How I think about changes to GEDCOM
© 2024-07-18 Luther Tychonievich
This work is licensed under a Creative Commons Attribution-NonCommercial-ShareAlike 4.0 International License
other posts
Reflections from 5 years as an editor of the GEDCOM standard.

It’s been about 12 years since I started working on family history data formats and 5 since I began earnest work on the GEDCOM standard11 I’m just one voice of many in the GEDCOM steering committee – even when I was authoring almost the entire text of version 7.0.0, I was doing so with frequent input from many others. That said, I want to share some of the things I think about in discussing and working on the GEDCOM standard.

No standard has 100% compliance

When I write HTML, I always consult tables of the quirks of different browsers. When I write SQL, I often need to know what back-end RDBMS I’m writing for. When I parse JPEGs, I have code that handles dozens of inconsistent ways metadata is created and consumed. When I write C, I often need to consider the specific compiler that will consume it. When I’m given a markdown document, I routinely have to edit it to match the nuances of my markdown processors.

There may be somewhere a standard that has 100% compliance, but I have not encountered it yet. 100% compliance is not the natural state of standards. That said, some standards have much higher compliance than others, and part of my goal on the GEDCOM steering committee is to steer it in directions that are more likely to achieve high compliance.

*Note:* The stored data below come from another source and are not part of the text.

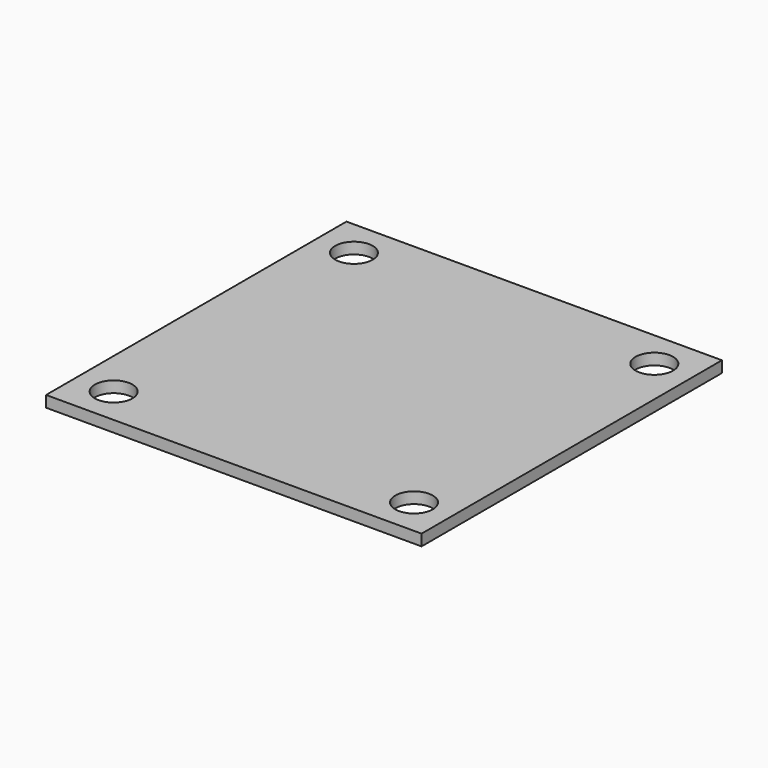
from build123d import *

# Parameters (mm, degrees)
F0_W     = 100
F0_H     = 100
F1_DEPTH = 3
F2_R     = 5
F3_DEPTH = 25


# Not quite as in the source:
# - the program builds the solid bodies; features that only make, move or delete a surface that nothing else refers to are left out


with BuildPart() as f1:
    # F0 (on Top) → F1 (new body)
    with BuildSketch(Plane.XY):
        Rectangle(F0_W, F0_H)
    extrude(amount=F1_DEPTH)

    # F2 (on face) → F3 (cut)
    with BuildSketch(Plane(origin=(0, 0, 0), x_dir=(1, 0, 0), z_dir=(0, 0, -1))):
        with Locations((40, 40)):
            Circle(F2_R)
        with Locations((40, -40)):
            Circle(F2_R)
        with Locations((-40, -40)):
            Circle(F2_R)
        with Locations((-40, 40)):
            Circle(F2_R)
    extrude(amount=-F3_DEPTH, mode=Mode.SUBTRACT)


solid = f1.part

Over my years working in standards I have noticed many forces that seem to me to influence adoption rates. These observations form the subjects of the remaining sections of this post.

Expressive vs. Simple

I want my app to have features that other apps do not. I want to store the data created by those features in the files I save, and want to be able to share that data with other apps that do have comparable features. Thus, I want GEDCOM to be very expressive, with support for everything I might care to do.

I want my app to import GEDCOM files created by apps with a very different focus than mine. I don’t want to need a lot of code to handle the GEDCOM they export that I don’t care about. Thus, I want GEDCOM to be very simple, with no need to think about parts my app doesn’t handle.

The easiest way to create simplicity is to allow apps to ignore parts they don’t care about or understand. But not all data can be ignored without invalidating other data. At least three kinds of errors can be created by ignoring data:

In practice, this means that sometimes I argue against new expressiveness, even expressiveness that I personally want to see in GEDCOM, because it is the kind of data that is problematic to omit.

There are other forms of simplicity to be considered, too. It’s simpler to implement a standard if a small number of organizational principles are applied across the standard. It’s simpler to work with a small standard than a large one. Both of these can sometimes be reasons not to implement some new feature, or to implement it in a different way than is originally proposed.

Simplicity also has conflicting pulls on the text of the specification itself: short text in a small vocabulary is simpler to read, share with users, and translate into other languages; but more detailed and technical text is simpler to agree upon, share with developers, and use to inform automated tooling. Fortunately, the wording topic rarely results in disagreements or frustrations in the community: it’s a challenge to specification authors, but as long as it’s handled reasonably by them then people generally roll with it.

Backwards-compatible vs. Clean and welcoming

Family history is a space with a few large well-established companies and many small and newer companies. In general, these want different things from the standard.

Given a large, well-tested, broadly-deployed code base, change to the standard is problematic. Change creates work for developers, implies inserting new less-tested code into the app, and requires explaining the change to users. The more mature the software, the more likely that even a simple-seeming change will interact in complicated ways with some part of a large, interconnected software system.

Given a clean-slate new app development project, change to the standard is desired. Because it has evolved gradually over 40 years, GEDCOM does not look like someone with a consistent vision had written the whole thing. It could be redesigned to be more consistent, it could have features changed to be more expressive, it could be refactored to leverage currently-popular technologies. As a new app developer, all of these are desirable, and will remain fairly desirable for several years after the app is delivered because the code base is still fairly simple and easy to change.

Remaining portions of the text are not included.